Internal audit function
Within Alliander, the Internal Audit department performs the internal audit function. Internal Audit has an independent, objective role that provides assurance and performs advisory engagements in order to deliver added value and improve the operational activities of Alliander. The department supports Alliander in achieving its corporate objectives through the systematic evaluation and improvement of the effectiveness of the risk management, control and governance processes.
Every year, Internal Audit draws up an audit plan based on risk reports and the audit findings in consultation with the Management Board, the Audit Committee and the external auditor. This plan describes the proposed audit engagements for the coming year. In addition, the plan devotes attention to the interaction with the external auditor. The annual audit plan is submitted to the Management Board and then to the Supervisory Board for approval. Internal Audit reports the audit results to the management and the Management Board and the essence of its audit findings to the Audit Committee and informs the external auditor. The audit findings will address, as a minimum:
drawing up an annual audit plan;
flaws in the effectiveness of the internal risk management and control systems;
any findings and observations with a material impact on the risk profile of Alliander and its affiliated enterprises;
any failings in the follow-up on recommendations of the internal audit function.
Internal Audit is an independent corporate support department operating under the responsibility of the Management Board. The Internal Audit Manager reports to the chair of the Management Board and also has direct access to the Audit Committee and the external auditor and attends meetings of the Audit Committee. The Management Board appoints and removes the Internal Auditor Manager. Both the appointment and the removal of the Internal Audit Manager is submitted to the Supervisory Board for approval, together with a recommendation from the Audit Committee.
The external auditor is appointed by the General Meeting of Shareholders upon the nomination of the Supervisory Board. Deloitte Accountants B.V. has been the external auditor of Alliander and its affiliated enterprises since the 2016 financial year. The external auditor audits the financial statements and reports the findings of the annual audit to the Management Board and the Supervisory Board. The conclusion from the findings is set out in a report. The General Meeting of Shareholders can ask the auditor questions about the findings. The auditor attends the General Meeting of Shareholders for this purpose. He is authorised to speak at this meeting.
The Audit Committee reports annually to the Supervisory Board on the performance of, and relationship with, the external auditor. The Management Board gives the Audit Committee, and by extension the Supervisory Board, an opportunity to examine the most important points of discussion arising between the external auditor and the Management Board based on the draft management letter or the draft board report.
The external auditor attends the meetings of the Supervisory Board in which the external auditors’ report on the audit of the financial statements is discussed. The auditor also attends the meeting of the Supervisory Board in which the half-year figures are discussed. The external auditor attends the meetings of the Audit Committee, unless the Audit Committee decides otherwise. The external auditor immediately informs the chair of the Audit Committee of an actual or suspected abuse or irregularity that is uncovered during the audit. If this actual or suspected abuse or irregularity concerns a member of the Management Board, the external auditor reports this to the chair of the Supervisory Board.

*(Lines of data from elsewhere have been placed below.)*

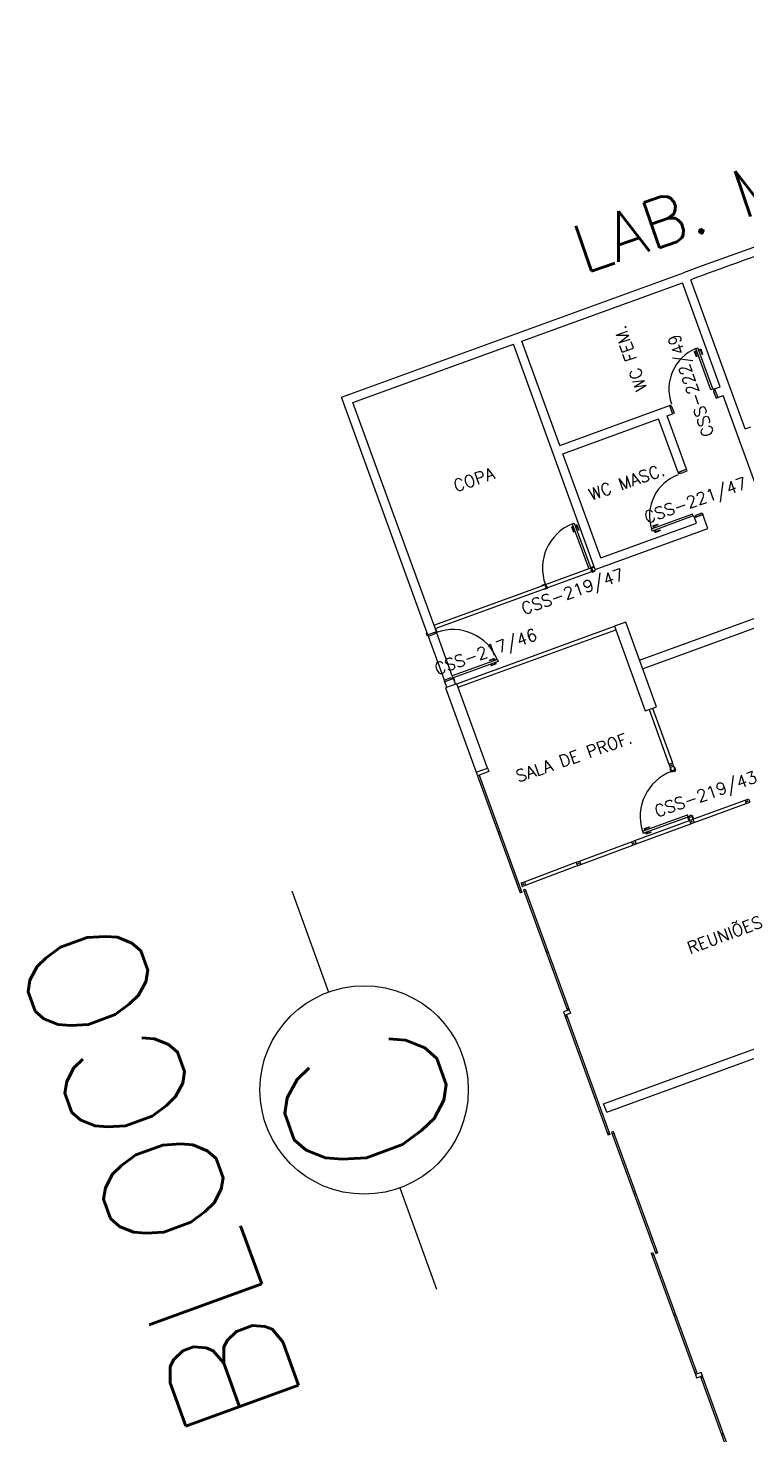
# Model space of a CAD drawing. Extents: x -152 to 150, y 325 to 437.
# Drawn here: x -149.68 to -137.69, y 363.59 to 387.06 of the extents above; entities that cross this region are included whole.
import ezdxf
from ezdxf.enums import TextEntityAlignment as Align

# ---------------------------------------------------------------- set-up
doc = ezdxf.new("R2010")
doc.units = 0
doc.header["$LTSCALE"] = 0.01
doc.header["$MEASUREMENT"] = 0
doc.layers.get('0').update_dxf_attribs({"linetype": 'CONTINUOUS'})
for name, color, linetype in [('ALV', 2, 'CONTINUOUS'), ('DIV', 2, 'CONTINUOUS'), ('ESQ', 1, 'CONTINUOUS'), ('ESTR', 3, 'CONTINUOUS'), ('MACANETA', 2, 'CONTINUOUS'), ('MARCO', 2, 'CONTINUOUS'), ('MAÇANETA', 2, 'CONTINUOUS'), ('PORTA', 2, 'CONTINUOUS'), ('TEXTO', 2, 'CONTINUOUS'), ('TEXTO-ENDEREÇO', 2, 'CONTINUOUS'), ('TXT-IDENTIFICAÇÃO', 4, 'CONTINUOUS'), ('USO', 2, 'CONTINUOUS')]:
    doc.layers.add(name, color=color, linetype=linetype)
doc.styles.add('LEGENDA', font='romans.shx', dxfattribs={"height": 0.2})
doc.styles.add('UNB-100', font='simplex.shx', dxfattribs={"height": 3})
doc.styles.add('UNB-100-1', font='simplex.shx', dxfattribs={"height": 0.2})

# ---------------------------------------------------------------- blocks, each defined once
blk = doc.blocks.new('DOOR80')
at = {"layer": 'MACANETA'}
for p, q in [((-0.015, -0.755), (-0.015, -0.665)), ((-0.015, -0.665), (-0.01, -0.665)), ((-0.01, -0.755), (-0.01, -0.665)), ((0.075, -0.755), (0.075, -0.665)), ((0.08, -0.665), (0.075, -0.665)), ((0.08, -0.755), (0.08, -0.665)), ((-0.015, -0.755), (0.012, -0.755)), ((-0.01, -0.735), (0.012, -0.735)), ((0.012, -0.728), (0.015, -0.728)), ((0.012, -0.763), (0.012, -0.728)), ((0.012, -0.763), (0.015, -0.763)), ((0.053, -0.728), (0.05, -0.728)), ((0.053, -0.763), (0.05, -0.763)), ((0.053, -0.763), (0.053, -0.728)), ((0.075, -0.735), (0.053, -0.735)), ((0.08, -0.755), (0.053, -0.755))]:
    blk.add_line(p, q, dxfattribs=at)
at = {"layer": 'PORTA'}
for p, q in [((0.015, -0.8), (0.015, 0)), ((0.015, 0), (0.05, 0)), ((0.05, -0.8), (0.05, 0)), ((0.05, -0.8), (0.015, -0.8))]:
    blk.add_line(p, q, dxfattribs=at)
at = {"layer": 'PORTA', "color": 1}
blk.add_arc((0.02, 0), 0.8, 272.1491, 0, dxfattribs=at)
blk = doc.blocks.new('ESQCE')
for p, q in [((0, 0), (0, -2.143)), ((0.2, 0), (0.2, -0.06)), ((0.2, -0.06), (0, -0.06)), ((0.03, -0.06), (0.03, -2.143)), ((0.03, -1.056), (0, -1.056)), ((0.03, -1.086), (0, -1.086)), ((0.03, -2.113), (0, -2.113)), ((0.03, -2.143), (0, -2.143)), ((0.07, -2.113), (0.07, -4.253)), ((0.07, -2.113), (0.1, -2.113)), ((0.07, -2.143), (0.1, -2.143)), ((0.1, -2.113), (0.1, -4.253)), ((0.1, -3.199), (0.07, -3.199)), ((0.1, -3.229), (0.07, -3.229)), ((0.07, -4.223), (0.1, -4.223)), ((0, -4.256), (0, -6.443)), ((0.1, -4.256), (0, -4.256)), ((0.1, -4.316), (0, -4.316)), ((0.03, -4.346), (0, -4.346)), ((0.03, -4.316), (0.03, -6.443)), ((0.07, -4.253), (0.1, -4.253)), ((0.1, -4.256), (0.1, -4.316)), ((0.03, -6.413), (0, -6.413)), ((0.03, -6.443), (0, -6.443)), ((0.1, -6.413), (0.07, -6.413)), ((0.07, -6.413), (0.07, -8.571)), ((0.1, -6.443), (0.07, -6.443)), ((0.1, -6.413), (0.1, -8.571)), ((0.1, -7.485), (0.07, -7.485)), ((0.1, -7.515), (0.07, -7.515)), ((0, -8.541), (0.03, -8.541)), ((0, -8.541), (0, -10.694)), ((0, -8.571), (0.03, -8.571)), ((0.03, -8.541), (0.03, -10.694)), ((0.1, -8.541), (0.07, -8.541)), ((0.07, -8.571), (0.1, -8.571)), ((0.03, -9.628), (0, -9.628)), ((0.03, -9.658), (0, -9.658)), ((0.03, -10.664), (0, -10.664)), ((0.102, -10.694), (0, -10.694)), ((0, -10.694), (0, -10.755)), ((0.03, -10.694), (0, -10.694)), ((0, -10.755), (0.102, -10.755)), ((0.1, -10.755), (0.07, -10.755)), ((0.07, -10.755), (0.07, -12.882)), ((0.1, -10.785), (0.07, -10.785)), ((0.1, -10.755), (0.1, -12.882)), ((0.102, -10.755), (0.102, -10.694)), ((0.1, -11.77), (0.07, -11.77)), ((0.1, -11.8), (0.07, -11.8)), ((0.03, -12.852), (0, -12.852)), ((0.03, -12.852), (0, -12.852)), ((0, -12.852), (0, -12.887)), ((0.03, -12.882), (0, -12.882)), ((0, -12.887), (0, -15.019)), ((0.03, -12.852), (0.03, -14.95)), ((0.1, -12.852), (0.07, -12.852)), ((0.1, -12.882), (0.07, -12.882)), ((0.03, -13.898), (0, -13.898)), ((0.03, -13.958), (0, -13.958)), ((0, -14.95), (0.2, -14.95)), ((0.2, -14.95), (0.2, -15.019))]:
    blk.add_line(p, q)
blk = doc.blocks.new('ESQCE-SSC')
for p, q in [((0, 0), (0, -2.143)), ((0.2, 0), (0.2, -0.06)), ((0.2, -0.06), (0, -0.06)), ((0.03, -0.06), (0.03, -2.143)), ((0.03, -1.056), (0, -1.056)), ((0.03, -1.086), (0, -1.086)), ((0.03, -2.113), (0, -2.113)), ((0.03, -2.143), (0, -2.143)), ((0.07, -2.113), (0.07, -4.253)), ((0.07, -2.113), (0.1, -2.113)), ((0.07, -2.143), (0.1, -2.143)), ((0.1, -2.113), (0.1, -4.253)), ((0.1, -3.199), (0.07, -3.199)), ((0.1, -3.229), (0.07, -3.229)), ((0.07, -4.223), (0.1, -4.223)), ((0, -4.256), (0, -6.443)), ((0.1, -4.256), (0, -4.256)), ((0.1, -4.316), (0, -4.316)), ((0.03, -4.346), (0, -4.346)), ((0.03, -4.316), (0.03, -6.443)), ((0.07, -4.253), (0.1, -4.253)), ((0.1, -4.256), (0.1, -4.316)), ((0.03, -6.413), (0, -6.413)), ((0.03, -6.443), (0, -6.443)), ((0.1, -6.413), (0.07, -6.413)), ((0.07, -6.413), (0.07, -8.571)), ((0.1, -6.443), (0.07, -6.443)), ((0.1, -6.413), (0.1, -8.571)), ((0.1, -7.485), (0.07, -7.485)), ((0.1, -7.515), (0.07, -7.515)), ((0, -8.541), (0.03, -8.541)), ((0, -8.541), (0, -10.694)), ((0, -8.571), (0.03, -8.571)), ((0.03, -8.541), (0.03, -10.694)), ((0.1, -8.541), (0.07, -8.541)), ((0.07, -8.571), (0.1, -8.571)), ((0.03, -9.628), (0, -9.628)), ((0.03, -9.658), (0, -9.658)), ((0.03, -10.664), (0, -10.664)), ((0.102, -10.694), (0, -10.694)), ((0, -10.694), (0, -10.755)), ((0.03, -10.694), (0, -10.694)), ((0, -10.755), (0.102, -10.755)), ((0.1, -10.755), (0.07, -10.755)), ((0.07, -10.755), (0.07, -12.882)), ((0.1, -10.785), (0.07, -10.785)), ((0.1, -10.755), (0.1, -12.882)), ((0.102, -10.755), (0.102, -10.694)), ((0.1, -11.77), (0.07, -11.77)), ((0, -12.887), (0, -15.019)), ((0.03, -12.852), (0.03, -14.95)), ((0, -14.95), (0.2, -14.95)), ((0.2, -14.95), (0.2, -15.019))]:
    blk.add_line(p, q)
blk = doc.blocks.new('DOOR-80')
at = {"layer": 'MACANETA'}
for p, q in [((-0.08, -0.665), (-0.075, -0.665)), ((-0.08, -0.755), (-0.08, -0.665)), ((-0.075, -0.755), (-0.075, -0.665)), ((0.015, -0.665), (0.01, -0.665)), ((0.01, -0.755), (0.01, -0.665)), ((0.015, -0.755), (0.015, -0.665)), ((-0.08, -0.755), (-0.053, -0.755)), ((-0.075, -0.735), (-0.053, -0.735)), ((-0.053, -0.763), (-0.053, -0.728)), ((-0.053, -0.728), (-0.05, -0.728)), ((-0.053, -0.763), (-0.05, -0.763)), ((-0.012, -0.728), (-0.015, -0.728)), ((-0.012, -0.763), (-0.015, -0.763)), ((-0.012, -0.763), (-0.012, -0.728)), ((0.01, -0.735), (-0.012, -0.735)), ((0.015, -0.755), (-0.012, -0.755))]:
    blk.add_line(p, q, dxfattribs=at)
at = {"layer": 'PORTA'}
for p, q in [((-0.05, -0.8), (-0.05, 0)), ((-0.015, 0), (-0.05, 0)), ((-0.015, -0.8), (-0.015, 0)), ((-0.05, -0.8), (-0.015, -0.8))]:
    blk.add_line(p, q, dxfattribs=at)
at = {"layer": 'PORTA', "color": 1}
blk.add_arc((-0.02, 0), 0.8, 180, 267.8509, dxfattribs=at)
blk = doc.blocks.new('MT')
for p, q in [((-0.03, 0.03), (0.03, 0.03)), ((-0.03, 0.03), (-0.03, -0.03)), ((0.03, 0.03), (0.03, -0.03)), ((-0.03, -0.03), (0.03, -0.03))]:
    blk.add_line(p, q)
at = {"color": 1}
for p, q in [((-0.011, 0), (0.011, 0)), ((0, 0.011), (0, -0.011))]:
    blk.add_line(p, q, dxfattribs=at)
blk = doc.blocks.new('port4')
at = {"layer": 'ALV'}
blk.add_line((-138.42, 378.947), (-138.561, 378.896), dxfattribs=at)
at = {"layer": 'PORTA'}
for p, q in [((-138.835, 379.649), (-138.694, 379.7)), ((-138.835, 379.649), (-138.828, 379.63)), ((-138.828, 379.63), (-138.796, 379.642)), ((-138.792, 379.632), (-138.796, 379.642)), ((-138.792, 379.632), (-138.684, 379.672)), ((-138.684, 379.672), (-138.694, 379.7)), ((-138.593, 378.953), (-139.281, 378.703)), ((-138.581, 378.921), (-139.269, 378.67)), ((-138.581, 378.921), (-138.593, 378.953)), ((-138.568, 378.915), (-138.535, 378.927)), ((-138.561, 378.896), (-138.568, 378.915)), ((-138.539, 378.936), (-138.431, 378.975)), ((-138.539, 378.936), (-138.535, 378.927)), ((-138.431, 378.975), (-138.42, 378.947)), ((-139.281, 378.703), (-139.269, 378.67))]:
    blk.add_line(p, q, dxfattribs=at)
at = {"layer": 'PORTA', "color": 1}
for p, q in [((-139.257, 378.754), (-139.172, 378.785)), ((-139.257, 378.754), (-139.243, 378.717)), ((-139.244, 378.748), (-139.169, 378.776)), ((-139.244, 378.748), (-139.234, 378.72)), ((-139.217, 378.647), (-139.231, 378.684)), ((-139.212, 378.66), (-139.222, 378.688)), ((-139.217, 378.647), (-139.133, 378.677)), ((-139.212, 378.66), (-139.136, 378.687)), ((-139.169, 378.776), (-139.172, 378.785)), ((-139.136, 378.687), (-139.133, 378.678))]:
    blk.add_line(p, q, dxfattribs=at)
blk.add_arc((-138.581, 378.921), 0.731, 110, 197.3429, dxfattribs=at)
blk = doc.blocks.new('port5')
at = {"layer": 'ALV'}
blk.add_line((-138.224, 381.04), (-138.173, 380.899), dxfattribs=at)
at = {"layer": 'PORTA', "color": 1}
for p, q in [((-138.563, 381.664), (-138.525, 381.678)), ((-138.455, 381.703), (-138.493, 381.69)), ((-138.461, 381.69), (-138.49, 381.68)), ((-138.461, 381.69), (-138.434, 381.615)), ((-138.455, 381.703), (-138.425, 381.619)), ((-138.563, 381.664), (-138.532, 381.58)), ((-138.55, 381.658), (-138.522, 381.668)), ((-138.55, 381.658), (-138.523, 381.583)), ((-138.523, 381.583), (-138.532, 381.58)), ((-138.434, 381.615), (-138.425, 381.619))]:
    blk.add_line(p, q, dxfattribs=at)
at = {"layer": 'PORTA'}
for p, q in [((-138.539, 381.715), (-138.506, 381.727)), ((-138.289, 381.028), (-138.539, 381.715)), ((-138.256, 381.04), (-138.506, 381.727)), ((-138.256, 381.04), (-138.289, 381.028)), ((-138.224, 381.04), (-138.243, 381.034)), ((-138.243, 381.034), (-138.231, 381.001)), ((-138.241, 380.997), (-138.231, 381.001)), ((-138.241, 380.997), (-138.201, 380.889)), ((-138.224, 381.04), (-138.173, 380.899)), ((-138.977, 380.766), (-138.958, 380.773)), ((-138.977, 380.766), (-138.926, 380.626)), ((-138.958, 380.773), (-138.946, 380.74)), ((-138.937, 380.744), (-138.946, 380.74)), ((-138.937, 380.744), (-138.898, 380.636)), ((-138.201, 380.889), (-138.173, 380.9)), ((-138.898, 380.636), (-138.926, 380.626))]:
    blk.add_line(p, q, dxfattribs=at)
at = {"layer": 'PORTA', "color": 1}
blk.add_arc((-138.256, 381.04), 0.731, 112.6571, 200, dxfattribs=at)

msp = doc.modelspace()

# ---------------------------------------------------------------- linework, layer by layer
at = {"layer": 'ALV'}
for p, q in [((-144.313, 380.953), (-138.744, 382.98)), ((-137.716, 380.374), (-138.622, 382.864)), ((-141.443, 381.838), (-138.763, 382.813)), ((-138.13, 381.075), (-138.763, 382.813)), ((-144.262, 380.812), (-141.584, 381.787)), ((-140.216, 378.028), (-141.584, 381.787)), ((-140.81, 380.099), (-141.443, 381.838)), ((-138.224, 381.04), (-138.13, 381.075)), ((-144.454, 380.901), (-144.313, 380.953)), ((-143.011, 376.936), (-144.454, 380.901)), ((-143.629, 379.073), (-144.262, 380.812)), ((-140.81, 380.099), (-138.978, 380.766)), ((-138.978, 380.766), (-138.927, 380.625)), ((-138.173, 380.899), (-138.079, 380.934)), ((-137.395, 379.054), (-138.079, 380.934)), ((-140.759, 379.958), (-139.16, 380.54)), ((-138.835, 379.649), (-139.16, 380.54)), ((-139.019, 380.592), (-138.927, 380.625)), ((-138.695, 379.701), (-139.019, 380.592)), ((-137.716, 380.374), (-137.622, 380.408)), ((-140.126, 378.22), (-140.759, 379.958)), ((-138.695, 379.701), (-138.835, 379.649)), ((-142.87, 376.987), (-143.629, 379.073)), ((-138.527, 378.802), (-138.561, 378.896)), ((-138.335, 378.712), (-138.42, 378.947)), ((-140.216, 378.028), (-138.335, 378.712)), ((-140.126, 378.22), (-138.527, 378.802)), ((-139.478, 376.514), (-136.847, 377.471)), ((-139.427, 376.373), (-136.796, 377.33)), ((-142.87, 376.987), (-143.011, 376.936)), ((-142.586, 376.207), (-142.727, 376.156)), ((-142.693, 376.062), (-142.727, 376.156)), ((-142.552, 376.113), (-142.586, 376.207)), ((-140.077, 369.112), (-137.314, 370.118)), ((-140.025, 368.971), (-137.262, 369.977)), ((-140.025, 368.971), (-140.077, 369.112))]:
    msp.add_line(p, q, dxfattribs=at)
for radius, start, end in [(407.019, 108.50881, 109.9998), (406.869, 109.52256, 109.98924)]:
    msp.add_arc((0.463, 0.506), radius, start, end, dxfattribs=at)
at = {"layer": 'DIV'}
for p, q in [((-140.279, 378.056), (-140.232, 378.073)), ((-140.279, 378.056), (-140.258, 377.999)), ((-140.258, 377.999), (-140.211, 378.016)), ((-142.91, 377.098), (-141.059, 377.772)), ((-142.889, 377.042), (-141.038, 377.715)), ((-141.059, 377.772), (-141.038, 377.715)), ((-142.528, 376.122), (-139.897, 377.08)), ((-142.508, 376.065), (-139.876, 377.023)), ((-139.318, 375.694), (-138.986, 374.782)), ((-139.262, 375.714), (-138.93, 374.802)), ((-138.966, 374.725), (-138.945, 374.668)), ((-138.945, 374.668), (-138.888, 374.689)), ((-138.909, 374.746), (-138.888, 374.689)), ((-138.588, 373.862), (-137.716, 374.181)), ((-138.567, 373.806), (-137.695, 374.125)), ((-139.554, 373.506), (-138.644, 373.841)), ((-139.534, 373.449), (-138.623, 373.785)), ((-138.661, 373.888), (-138.605, 373.909)), ((-138.661, 373.888), (-138.644, 373.841)), ((-138.605, 373.909), (-138.588, 373.862)), ((-140.478, 373.163), (-139.611, 373.485)), ((-140.457, 373.106), (-139.59, 373.429)), ((-141.4, 372.817), (-140.534, 373.142)), ((-141.379, 372.761), (-140.513, 373.086))]:
    msp.add_line(p, q, dxfattribs=at)
at = {"layer": 'ESTR'}
for points in [[(-139.384, 375.67), (-139.196, 375.738), (-139.709, 377.148), (-139.897, 377.08)], [(-142.203, 374.644), (-142.015, 374.712), (-142.528, 376.122), (-142.716, 376.053)]]:
    msp.add_lwpolyline(points, close=True, dxfattribs=at)
at = {"layer": 'MARCO'}
for p, q in [((-140.284, 378.054), (-140.293, 378.05)), ((-140.293, 378.05), (-140.281, 378.018)), ((-140.281, 378.018), (-140.29, 378.014)), ((-140.29, 378.014), (-140.282, 377.991)), ((-140.24, 378.08), (-140.287, 378.063)), ((-140.287, 378.063), (-140.284, 378.054)), ((-140.279, 378.056), (-140.284, 378.054)), ((-140.282, 377.991), (-140.272, 377.994)), ((-140.258, 377.999), (-140.272, 377.994)), ((-140.272, 377.994), (-140.269, 377.985)), ((-140.269, 377.985), (-140.222, 378.002)), ((-140.237, 378.071), (-140.24, 378.08)), ((-140.222, 378.002), (-140.225, 378.011)), ((-141.105, 377.766), (-141.058, 377.783)), ((-141.101, 377.756), (-141.105, 377.766)), ((-141.068, 377.694), (-141.071, 377.703)), ((-141.021, 377.711), (-141.068, 377.694)), ((-141.059, 377.772), (-141.054, 377.773)), ((-141.058, 377.783), (-141.054, 377.773)), ((-141.054, 377.773), (-141.045, 377.777)), ((-141.045, 377.777), (-141.033, 377.744)), ((-141.038, 377.715), (-141.024, 377.72)), ((-141.033, 377.744), (-141.023, 377.747)), ((-141.015, 377.724), (-141.024, 377.72)), ((-141.024, 377.72), (-141.021, 377.711)), ((-141.023, 377.747), (-141.015, 377.724)), ((-138.96, 374.711), (-138.97, 374.707)), ((-138.97, 374.707), (-138.953, 374.66)), ((-138.953, 374.66), (-138.943, 374.664)), ((-138.945, 374.668), (-138.943, 374.664)), ((-138.943, 374.664), (-138.94, 374.654)), ((-138.94, 374.654), (-138.907, 374.666)), ((-138.907, 374.666), (-138.903, 374.657)), ((-138.903, 374.657), (-138.88, 374.665)), ((-138.891, 374.725), (-138.9, 374.722)), ((-138.874, 374.678), (-138.891, 374.725)), ((-138.888, 374.689), (-138.883, 374.675)), ((-138.883, 374.675), (-138.874, 374.678)), ((-138.88, 374.665), (-138.883, 374.675)), ((-138.637, 373.924), (-138.613, 373.932)), ((-138.613, 373.932), (-138.61, 373.923)), ((-138.672, 373.89), (-138.663, 373.893)), ((-138.655, 373.843), (-138.672, 373.89)), ((-138.666, 373.902), (-138.633, 373.914)), ((-138.663, 373.893), (-138.666, 373.902)), ((-138.661, 373.888), (-138.663, 373.893)), ((-138.646, 373.846), (-138.655, 373.843)), ((-138.633, 373.914), (-138.637, 373.924)), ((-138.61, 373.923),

External organisations supervise Liander in its capacity as a network operator that is active in a regulated environment. They supervise such aspects as compliance with specific legislation and regulations.
Risk management and control
Risk management is the deliberate handling of uncertainties that can have a negative impact on the achievement of the strategy as adopted by the Management Board. An effective risk management and internal control system is therefore important. The risk management and internal control system is updated in line with internal and external developments. We apply the ‘three lines of defence’ model for risk management purposes. Each line of defence has its own responsibility in the management and control process:
The first line is primarily responsible for the identification, management and monitoring of the risks within its processes and for an effective risk management and control system.
The second line supports, advises, coordinates and sets frameworks to ensure that the management genuinely takes responsibility. It thus provides additional assurance within Alliander.
The third line provides additional assurance about the question whether the first and second lines can jointly manage the risks, so that the organisational objectives are achieved. They give an objective and independent opinion on this matter, including suggestions for possible improvements. The third line operates objectively and independently from all other parts of the organisation.
In addition, various other controls are in place to manage our risks, such as the Planning & Control Cycle, the Risk Management Framework, the Business Control Framework and the Alliander Accounting Manual. These controls are discussed in other parts of this report. Management responsibility for supervising the quality of the management of our top risks also consists of three layers.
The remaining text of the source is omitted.